Kim Gammage, Rachel Arnold, Lori Dithurbide, Alison Ede, Karl Erickson, Blair Evans, Larkin Lamarche, Sean Locke, Eric Martin and Kathleen Wilson
Connie L. Tompkins, Erin K. Shoulberg, Lori E. Meyer, Caroline P. Martin, Marissa Dennis, Allison Krasner and Betsy Hoza
Background: According to the US Institute of Medicine guideline, preschool-aged children should participate in ≥15 minutes of physical activity (PA) per hour or 3 hours per day over 12 hours. Examinations of PA guideline compliance to date averaged time spent in PA over several days; however, children could exceed the guideline on some days and not on others. Therefore, this cross-sectional study examined PA guideline compliance in preschool children based on number of minutes per hour (average method) and percentage of days the guideline was met (everyday method).

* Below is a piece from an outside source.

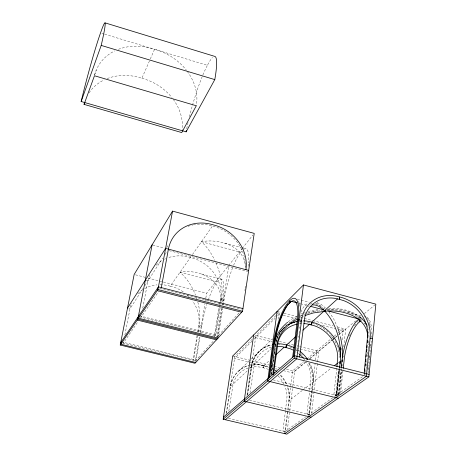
<?xml version="1.0" encoding="UTF-8"?>
<svg xmlns="http://www.w3.org/2000/svg" width="457" height="457" viewBox="0 0 457 457"><rect width="100%" height="100%" fill="white"/><g stroke="black" fill="none" stroke-linecap="round" stroke-linejoin="round"><path stroke-width="0.34" stroke-dasharray="2.29 1.71" d="M369.045 337.106L368.491 331.845M245.238 267.448C245.318 245.9 219.103 238.377 201.457 241.707C207.118 246.974 211.562 253.458 214.819 260.444M367.856 369.37L368.056 367.279M368.462 363.087L368.593 361.693M368.999 357.5L369.199 355.403M369.604 351.216L369.742 349.816M370.147 345.629L370.279 344.23M368.233 373.049L368.433 370.953M368.502 370.256L369.039 364.68M369.102 363.983L369.576 359.105M369.639 358.408L370.176 352.827M370.244 352.13L370.713 347.251M370.781 346.555L371.318 340.973M365.789 372.432L366.331 366.857M366.4 366.16L366.874 361.276M366.942 360.579L367.485 354.998M367.548 354.301L368.028 349.422M368.091 348.725L368.565 343.841M368.633 343.144L369.045 338.963M250.099 367.474A28.02 25.352 51.1 0 1 259.782 367.057L263.398 367.839L263.62 365.766L269.39 360.55M339.631 393.785L342.042 371.204M340.596 393.106L343.144 369.13M338.466 370.296L335.724 395.642A4.079 1.354 6.8 0 1 333.878 394.734L336.866 367.308M339.151 363.955L339.38 361.847M335.946 397.67L339.168 367.822M341.059 350.33L341.436 346.817M342.19 339.854L343.407 328.543L337.946 333.096M338.803 395.031L336.478 395.105L339.3 368.976M336.478 395.105A4.079 1.354 6.8 0 1 336.672 394.185L339.334 369.502M339.265 370.987L336.678 394.968A4.062 1.342 6.9 0 0 333.878 394.734M337.157 394.625L340.042 367.805M338.317 394.911L340.893 370.913M338.671 394.465L341.459 368.393M343.784 346.692L345.663 329.126L335.844 326.589M338.877 394.322L341.522 369.582M311.525 413.539L318.792 351.387L298.004 346.138M308.892 416.675L315.084 364.126M315.564 360.03L316.644 350.845M312.222 391.712L309.583 414.122A3.827 1.2 7.4 0 0 306.955 413.899L309.692 390.849M312.302 391.015L313.376 381.909A31.979 28.517 50.4 0 0 309.88 363.309M309.772 390.152L310.96 377.985A29.579 26.386 50.4 0 0 306.281 362.212M284.722 433.659L290.726 386.142M290.789 385.651L292.663 370.833L303.562 361.744M296.896 350.816L297.073 349.416M297.421 346.606L297.598 345.201M298.044 341.687L298.221 340.288M298.57 337.477L298.747 336.072M299.101 333.262L299.364 331.159M299.718 328.349L299.895 326.944M300.249 324.133L300.603 321.328M287.264 430.597L294.702 371.335L305.653 362.27M285.465 410.826L282.894 431.02A3.616 1.074 7.8 0 1 285.374 431.242L289.252 400.515A30.288 27.374 51.3 0 0 287.167 385.205M285.556 410.129L287.013 396.762A28.014 25.324 51.3 0 0 284.882 386.136M270.932 375.037L271.995 367.182M272.469 363.646L275.045 344.549M278.467 319.18L279.433 312.011L277.428 314.01M271.178 374.814L272.401 365.766M272.492 365.069L275.777 342.379M271.447 373.98L275.382 344.767A33.875 29.785 49.4 0 1 286.333 325.99M271.772 374.312L275.8 344.378L276.748 340.174L278.444 336.015L280.861 331.959M249.99 392.997L254.372 364.018A29.585 26.409 50.2 0 1 271.315 347.24M246.969 395.579L250.996 367.428A31.927 28.511 50.2 0 1 271.395 345.138M247.437 394.562L255.886 335.501L272.458 339.682M247.711 394.934L251.738 366.737A31.984 28.551 50.2 0 1 270.91 344.715M226.272 413.362L234.812 356.523L251.87 339.505M244.901 290.526L245.118 289.115M245.22 288.407L245.643 285.585M226.603 413.077L230.614 386.371A30.293 27.397 51.1 0 1 249.048 365.257M228.826 411.077L233.161 383.737A28.02 25.352 51.1 0 1 248.134 368.039M220.137 307.75L215.813 334.918L214.247 336.655L218.903 307.504M220.697 304.265C223.77 290.418 221.588 275.857 216.007 262.929M221.468 308.161L216.847 337.306L239.205 312.708M217.332 338.34L222.039 308.635M222.588 305.156L228.923 265.186L241.787 249.008M218.12 337.472L222.719 308.412M223.267 304.928L224.153 299.358A37.782 8.38 -75.4 0 1 232.767 267.374M219.349 304.728C226.569 281.238 199.52 268.339 180.001 272.275C187.113 278.37 192.191 286.545 195.533 295.233M215.03 335.786L219.577 307.281M220.24 303.105L220.794 299.632A36.868 33.155 36.5 0 0 190.386 257.48A36.891 33.184 36.2 0 0 167.993 257.771M122.796 343.116L195.419 360.876L199.481 336.375M200.177 332.176L204.907 303.631M205.37 300.849L205.719 298.764M205.833 298.067L206.638 293.2L228.483 265.734M195.819 361.91L199.949 336.969M200.646 332.759L201.805 325.75A35.457 7.369 -75.7 0 1 206.89 304.396M197.053 335.769L192.963 360.276L193.654 359.505L197.63 335.661M197.755 331.565L198.686 325.967A34.629 31.624 36.3 0 0 192.517 300.935M198.212 332.153C200.514 322.014 200.56 311.371 197.601 301.357M268.539 369.45A28.014 25.324 51.3 0 0 266.854 368.805L263.272 367.805L263.62 365.766A30.271 27.38 51.1 0 0 250.505 365.16M300.969 319.226L301.34 317.129M141.287 315.85L141.019 317.249L158.528 291.669M142.755 308.149L147.965 280.849A36.891 33.184 36.2 0 1 149.827 274.68M123.516 341.842L123.247 343.224L138.254 321.294M124.87 334.935L130.017 308.686A34.646 31.653 36 0 1 131.65 303.202M275.919 341.756L277.976 336.152M94.53 74.902L96.233 70.212M107.184 78.581A49.425 41.638 26.6 0 1 141.881 78.273L150.039 59.604M150.319 58.959L154.54 49.305A51.601 42.838 27.3 0 1 186.479 70.315M301.02 311.977C302.425 308.315 304.739 304.762 308.389 303.048M278.336 335.547L280.501 331.925L283.711 327.898L287.556 324.144M166.679 247.608L168.593 244.615M143.001 288.55L130.017 308.686L128.771 308.378M144.909 285.591L162.635 258.108M164.948 254.52L167.262 250.927M160.121 284.717A34.646 31.653 36 0 1 170.238 286.179L192.026 255.143M192.437 254.56L212.876 225.444M242.233 248.448L252.881 235.058M281.301 331.405L283.957 328.086L287.676 324.447M222.57 301.22L224.153 299.358L221.582 298.695L220.011 300.563L222.57 301.22A35.52 7.398 -75.7 0 0 217.064 281.946M195.419 360.876L214.019 340.414M254.383 337.003L276.925 314.513M252.064 341.139L234.504 358.579L268.419 366.954M254.075 339.145L275.12 318.249M277.622 315.764L279.13 314.267L280.507 314.622M239.04 370.65L249.225 360.973M251.264 359.036L272.64 338.728M279.764 331.965L284.345 327.612A33.847 29.762 49.4 0 0 277.485 336.569M285.299 326.709L286.728 325.355M247.254 370.907L230.282 386.679A30.271 27.38 51.1 0 1 248.699 365.583M249.825 368.519L271.372 348.491M274.965 345.155L275.8 344.378L274.034 343.932M306.836 359.019L331.394 338.557M331.942 338.1L333.576 336.735M334.124 336.283L337.403 333.553M305.487 362.024L292.4 372.872L284.134 370.833M309.303 358.859L332.239 339.848M332.787 339.397L334.97 337.586M335.518 337.129L338.249 334.867M338.797 334.41L343.167 330.788L339.037 329.726M310.029 358.642L332.502 340.031M333.05 339.574L334.695 338.214M335.244 337.757L337.986 335.489M338.534 335.032L355.54 320.945M358.831 318.221L361.578 315.947M364.32 313.679L374.746 305.042M288.167 321.854L290.926 319.706L297.01 316.061M288.658 323.288L296.861 317.661M289.818 322.779L296.742 318.135M302.311 390.444L288.87 400.812A30.259 27.357 51.3 0 0 287.264 386.748M302.871 390.01L330.885 368.399M338.174 362.778L339.854 361.481M284.991 431.517L305.704 416.864M308.007 415.242L333.901 396.933M334.473 396.522L362.641 376.608M308.332 306.498L309.4 305.853M300.403 315.913L302.174 315.033M300.209 316.421L301.94 315.564M301.146 314.016L303.654 313.051M304.282 312.811L305.539 312.331M304.054 314.313L306.556 313.353M303.419 316.147L304.619 315.69M308.098 311.48L318.021 309.183M307.807 312.874L319.689 310.097M307.464 313.451L311.948 312.188M310.349 304.082L312.137 303.591M313.228 311.823L322.436 310.412M328.749 308.281C340.014 307.829 351.964 310.326 360.83 317.638M327.738 309.423C339.385 308.635 351.896 310.829 361.219 318.261M327.063 310.063C338.603 308.829 349.691 312.919 360.693 315.684M228.397 418.224L286.562 431.882M249.511 400.143L311.36 414.95M121.271 341.79L196.116 360.11M273.143 379.881L337.94 395.728M271.726 367.771L277.325 369.153M232.722 356.003L269.247 365.04M274.069 366.228L279.575 367.594M286.465 369.296L294.702 371.335M139.653 315.827L218.423 335.569M139.025 316.752L217.629 336.438M255.577 337.654L272.166 341.836M296.353 347.931L316.393 352.987M279.364 341.43L286.956 343.35M287.647 343.521L293.862 345.092M159.807 288.453L241.347 309.412M135.529 274.823L145.195 277.325M147.959 278.033L206.638 293.2M277.113 311.411L281.226 312.474M283.968 313.182L297.318 316.632M300.42 317.438L312.451 320.546M312.759 320.625L333.324 325.938M283.243 315.33L295.656 318.535M322.511 325.458L335.044 328.692M145.989 280.341L147.965 280.849M220.794 299.632L223.359 300.295M180.001 272.275L217.058 281.952A35.457 7.369 -75.7 0 0 208.455 299.632M298.461 303.214L299.826 303.568M300.506 303.745L306.653 305.35M201.577 274.006L221.679 279.267M297.29 299.072L309.309 302.226M364.08 316.57L366.108 317.101M169.061 250.625L247.768 271.469M152.798 245.003L164.457 248.094M201.457 241.707L240.776 252.258A37.862 8.42 -75.4 0 1 242.284 250.482M224.77 243.141L241.29 247.585M241.976 247.774L246.106 248.882M315.301 303.796L319.889 305.67L322.511 307.63M317.107 302.603L321.111 304.345L325.504 308.058M101.9 33.338L103.945 33.955M104.624 34.161L207.427 65.345A51.241 7.66 -74.1 0 1 212.482 57.513M347.828 312.314L352.741 314.222L356.597 316.335M316.078 303.145L318.769 304.522L322.745 307.807M357.146 316.638L360.967 319.523L363.224 321.882M323.173 308.229L324.042 309.086M326.812 309.4L327.658 310.332M328.92 311.731L333.639 318.826L337.592 327.435M364.126 322.825L366.211 325.967M367.2 325.287L368.925 329.428M196.413 297.661L196.813 298.895M339.203 332.136L340.368 336.398M251.367 367.085A31.956 28.528 50.2 0 1 270.527 345.075M274.594 344.635A31.927 28.511 50.2 0 1 275.902 344.544M278.53 344.532A31.927 28.511 50.2 0 1 279.85 344.618M274.846 346.56A29.585 26.409 50.2 0 1 276.051 346.446M297.456 350.165A31.95 28.5 50.4 0 1 299.164 351.376M309.138 363.029A31.95 28.5 50.4 0 1 312.948 382.235M306.955 413.899A3.845 1.205 7.3 0 0 308.732 414.728L312.525 382.56A31.916 28.483 50.4 0 0 308.384 362.755M289.681 346.829A31.916 28.483 50.4 0 1 292.84 348.137M295.879 349.776A31.916 28.483 50.4 0 1 297.05 350.519M300.923 353.501A31.916 28.483 50.4 0 1 303.431 355.952M306.11 359.208A31.916 28.483 50.4 0 1 306.915 360.362M296.964 352.347A29.579 26.386 50.4 0 1 298.53 353.501M303.214 357.997A29.579 26.386 50.4 0 1 304.83 360.047M250.242 364.96A30.293 27.397 51.1 0 1 263.975 365.446A30.288 27.374 51.3 0 1 267.699 366.48M263.398 367.839A3.553 0.965 -78.1 0 0 263.975 365.446A3.553 0.891 -74.7 0 1 263.272 367.805M280.775 375.134A30.288 27.374 51.3 0 1 286.916 384.594M263.62 365.766A30.259 27.357 51.3 0 1 268.556 367.257M280.404 375.448A30.259 27.357 51.3 0 1 286.271 384.297M271.264 370.77A28.014 25.324 51.3 0 1 272.321 371.375M278.107 375.917A28.014 25.324 51.3 0 1 283.866 383.897M245.135 261.175A39.331 34.761 36.7 0 0 212.471 226.021A39.353 34.795 36.4 0 0 193.42 224.867M245.289 262.558A39.331 34.761 36.7 0 1 245.386 267.368M188.107 226.335A39.353 34.795 36.4 0 1 192.74 225.01M233.567 265.38A37.782 8.38 -75.4 0 1 240.776 252.258M156.151 265.209A36.891 33.184 36.2 0 1 162.161 260.501M164.417 259.273A36.891 33.184 36.2 0 1 165.588 258.725M243.69 249.305A37.862 8.42 -75.4 0 1 248.717 262.769M248.625 264.112A37.862 8.42 -75.4 0 1 248.357 266.939M276.005 340.391A33.847 29.762 49.4 0 1 277.205 337.186M299.586 321.362A33.847 29.762 49.4 0 1 301.649 321.248M278.696 334.01A33.812 29.739 49.4 0 1 283.923 328.012M299.838 321.711A33.812 29.739 49.4 0 1 302.591 321.654M307.452 322.162A33.812 29.739 49.4 0 1 310.909 322.985M299.466 323.756A31.333 27.557 49.4 0 1 302.643 323.585M312.291 323.322A33.801 29.711 49.6 0 1 329.56 333.844M330.411 334.787A33.801 29.711 49.6 0 1 332.405 337.277M332.776 337.797A33.801 29.711 49.6 0 1 336.535 344.412M336.78 344.989A33.801 29.711 49.6 0 1 338.237 349.131M338.403 349.731A33.801 29.711 49.6 0 1 339.357 354.792M339.431 355.506A33.801 29.711 49.6 0 1 339.551 357.637M297.867 349.811A31.979 28.517 50.4 0 1 299.575 351.022M295.953 357.454A4.376 1.571 7.4 0 1 295.319 357.225M324.693 308.492A4.079 1.594 84.4 0 0 324.681 308.955A4.079 1.662 86.8 0 1 324.738 308.486M365.32 374.152A4.33 1.508 6.2 0 0 364.343 374.58A4.347 1.52 6.2 0 0 365.052 374.74M336.672 394.185A4.067 1.348 6.9 0 1 338.243 394.711M298.501 301.3A35 9.648 -75.9 0 1 299.209 303.391M299.358 304.002A35 9.648 -75.9 0 1 299.895 307.858M343.653 357.083A34.441 11.648 -76 0 1 343.853 355.849M349.434 335.901A34.441 11.648 -76 0 1 351.056 332.153M354.569 325.681A34.441 11.648 -76 0 1 355.666 324.053M356.866 322.482A34.441 11.648 -76 0 1 358.248 320.923M367.382 318.403A34.521 11.659 -76 0 1 370.33 327.469M359.368 318.603A34.521 11.659 -76 0 1 361.887 317.021M366.788 317.278A34.509 11.693 -76 0 1 371.627 337.426M360.07 319.3A34.509 11.693 -76 0 1 360.984 318.546M369.319 324.093A31.95 10.825 -76 0 1 369.85 325.904M207.855 301.386A35.457 7.369 -75.7 0 1 208.255 300.209M170.238 286.179A34.629 31.624 36.3 0 1 184.32 292.629M187.341 295.113A34.629 31.624 36.3 0 1 188.752 296.473M137.837 293.788A34.646 31.653 36 0 1 142.173 290.155M144.601 288.658A34.646 31.653 36 0 1 156.962 284.871M89.064 92.834A49.425 41.638 26.6 0 1 104.179 79.889M94.622 75.119A51.652 42.884 27.1 0 1 114.713 50.916M118.437 49.299A51.652 42.884 27.1 0 1 154.54 49.305M141.881 78.273A49.379 41.598 26.8 0 1 171.981 97.689M173.249 99.34A49.379 41.598 26.8 0 1 182.16 129.805M187.267 71.349A51.601 42.838 27.3 0 1 196.293 105.756M186.713 128.737A51.081 7.62 -74.1 0 1 188.427 120.871M189.409 116.786A51.081 7.62 -74.1 0 1 192.311 105.853M192.494 105.224A51.081 7.62 -74.1 0 1 207.427 65.345M199.383 325.138L198.686 325.967L201.109 326.572L201.805 325.75L199.383 325.138"/><path stroke-width="0.69" d="M367.811 337.706C367.788 316.73 342.304 308.966 324.921 311.32A4.079 1.662 86.8 0 1 324.801 310.629A4.079 1.594 84.4 0 0 324.973 311.314C338.466 326.218 342.676 347.891 339.562 367.388M342.43 361.099L342.516 359.819M342.641 357.9L342.287 346.943L340.539 337.003M299.095 356.98A4.387 1.577 7.4 0 0 299.564 356.957L304.813 317.101A33.304 28.785 48.7 0 1 335.244 298.375L339.465 299.364L339.654 296.976A35.972 31.093 48.7 0 0 301.54 320.454L299.055 319.814L298.124 320.688L293.583 356.506M368.873 376.871L375.843 304.134L303.465 284.945L232.722 356.003L223.165 419.229L286.819 434.15L368.873 376.871L294.205 358.208L223.165 419.229M364.686 371.027L364.897 368.902M365.172 366.063L365.383 363.932M365.589 361.801L365.794 359.67M366.074 356.831L366.28 354.706M366.56 351.867L366.765 349.736M366.977 347.606L367.182 345.475M367.462 342.636L367.668 340.511M364.406 373.335A4.353 1.525 6.1 0 1 364.212 373.152L367.816 333.404A33.292 28.751 48.9 0 0 343.51 300.563L339.317 299.324L339.654 296.976A35.96 31.053 48.9 0 1 370.113 338.134L366.423 376.26L284.722 433.659M343.218 368.422L344.572 356.654A31.887 10.785 -76 0 1 358.111 323.133L359.865 321.579A4.084 3.428 47.1 0 1 358.922 319.22A4.079 3.525 51.1 0 0 359.808 321.631L360.676 320.968M339.911 363.326L340.059 361.915M339.642 367.462L339.797 366.051M340.099 363.229L340.254 361.818M341.27 367.388L341.95 361.036M341.899 366.046L342.053 364.635M336.946 366.605L337.723 356.997A31.322 27.523 49.6 0 0 314.976 325.961L311.011 324.818A3.976 1.125 -73.9 0 1 310.971 324.721M269.761 377.271A4.119 1.4 8.1 0 0 269.659 377.179L274.897 339.037A32.35 8.86 -75.9 0 1 287.773 304.825L289.31 303.185L289.589 300.895A35.012 9.608 -75.9 0 1 298.124 320.688M301.54 320.454L296.73 358.842L225.312 419.737M292.646 357.317L297.598 317.609A32.413 8.894 -75.9 0 0 290.772 301.837L289.258 303.237L289.589 300.895A34.943 9.574 -75.9 0 0 273.446 343.784L268.825 377.905M294.205 358.208L303.465 284.945M273.417 374.831L278.096 341.95A31.333 27.557 49.4 0 1 296.981 324.162M271.521 367.057L271.709 365.663M271.641 367.062L271.829 365.674M272.818 374.963L276.919 344.367C278.667 333.084 287.59 324.504 297.141 319.117M277.113 311.411L267.665 381.007L338.266 398.236M253.686 334.947L244.147 401.206L311.097 417.201M242.536 311.274L254.218 233.384L172.546 211.111L134.152 274.468L120.242 345.024L195.019 363.275L242.536 311.274L157.945 289.561L120.242 345.024M161.31 287.602L168.422 249.134A39.445 34.852 36.4 0 1 213.288 224.861A39.422 34.818 36.7 0 1 245.94 269.681M157.734 287.921L157.231 290.618L241.639 312.262M157.945 289.561L172.546 211.111M152.112 244.826L137.848 319.129L217.229 338.974M138.962 315.65L138.471 318.209L218.023 338.106M137.711 317.501L137.22 320.049L216.441 339.831M121.271 341.79L120.797 344.212L195.716 362.515M274.846 340.785L275.131 339.54M81.157 101.517L101.203 45.414A52.355 2.719 -74.9 0 0 100.54 32.927A52.189 2.702 -74.9 0 0 81.157 101.517L186.113 131.85L214.79 79.604A51.241 7.66 -74.1 0 0 214.904 56.428L105.007 22.85M84.059 104.379L94.468 75.748L196.293 105.756L181.749 132.576L84.059 104.379A49.425 41.638 26.6 0 1 84.608 102.328M275.382 338.917C277.445 332.947 281.375 327.806 286.031 323.613M127.526 308.064L165.611 248.385L248.665 270.407M120.722 342.607L158.448 286.865L242.941 308.595M272.612 344.561L273.446 343.784M275.68 354.855L284.071 347.263M286.173 345.366L295.616 336.82M302.957 330.177L309.777 324.007M311.354 322.579L324.024 311.12M325.081 310.166L337.574 298.861M223.49 417.075L294.519 355.695L369.113 374.38M286.51 323.145L287.613 322.282M334.25 365.806L337.609 363.206M305.225 315.456L313.279 312.948L324.973 311.314A4.084 3.41 -44.8 0 0 325.595 310.611A4.084 3.336 -41.7 0 1 324.933 311.308C321.677 307.795 317.318 304.425 312.251 304.888M294.262 347.726A31.979 28.517 50.4 0 0 286.568 345.006A3.747 1.08 -77.8 0 1 285.956 347.531L282.158 346.692A29.585 26.409 50.2 0 0 277.262 346.383M303.465 320.848A33.875 29.785 49.4 0 1 311.8 322.179A3.959 1.205 -77.3 0 1 311.148 324.853L307.15 323.944A31.333 27.557 49.4 0 0 303.922 323.613M341.379 360.887L342.522 361.179M370.113 338.134L372.524 338.757M291.635 301.431L297.096 302.854M310.749 306.418L323.716 309.806M328.509 311.057L358.699 318.946M285.734 347.052A3.759 1 -74.3 0 0 285.825 347.497L289.589 348.565A29.579 26.386 50.4 0 1 293.097 350.056M101.203 45.414L214.79 79.604M361.39 318.061L364.663 321.477L366.834 324.744M337.826 328.109L338.974 331.468M340.002 347.069L340.225 349.873M340.402 353.335L340.436 356.74M285.956 347.531A3.759 1.085 -77.7 0 1 285.825 347.074M299.529 354.324A29.579 26.386 50.4 0 1 303.214 357.997M285.825 347.497A3.747 0.994 -74.4 0 0 286.568 345.006A31.984 28.551 50.2 0 0 277.336 343.795M274.714 369.97A30.288 27.374 51.3 0 1 276.868 371.524M273.355 372.032A28.014 25.324 51.3 0 1 274.857 373.089M291.72 323.208A33.847 29.762 49.4 0 1 294.908 322.168M311.148 324.853A3.976 1.217 -77.3 0 1 311.063 324.647M311.011 324.818A3.959 1.114 -74 0 0 311.8 322.179A33.869 29.751 49.6 0 1 340.499 356.894M300.129 351.45A31.979 28.517 50.4 0 1 307.75 359.67M324.956 311.331A4.096 3.422 -44.4 0 1 324.687 311.028A4.096 3.353 -41.4 0 0 324.933 311.308A4.096 1.605 84.3 0 0 325.133 311.131M325.178 311.023A4.096 1.674 86.8 0 1 324.921 311.32M289.258 303.237A4.124 3.65 46.5 0 0 290.715 301.42A4.124 3.547 42.6 0 1 289.31 303.185M342.03 360.339A34.452 11.614 -76 0 1 358.459 319.352M274.623 344.081A34.932 9.608 -75.9 0 1 288.361 303.962M339.465 299.364A4.222 1.377 -76.8 0 1 339.362 299.152M339.317 299.324A4.222 1.268 -73.4 0 1 339.237 299.118M287.99 324.881A33.875 29.785 49.4 0 1 297.324 321.322M186.113 131.85A51.081 7.62 -74.1 0 1 186.347 130.616"/></g></svg>

Methods: PA was measured by accelerometry during the preschool day for up to 10 days in 177 children (59.3% males, M age = 4.23). Minutes per hour and percentage of time in light, moderate to vigorous, and total PAs were calculated. Percentage of days in compliance was determined by number of days in compliance (defined as the child active on average ≥15 min/h) divided by total accelerometer days. Results: Children engaged in PA, on average, 17.01 minutes per hour, suggesting that on average, children are meeting the guideline. However, children were only in compliance with the PA guideline 62.41% of assessment days. Conclusions: Findings demonstrate the importance of examining compliance with both the average and everyday methods to more accurately portray level of Institute of Medicine PA guideline compliance.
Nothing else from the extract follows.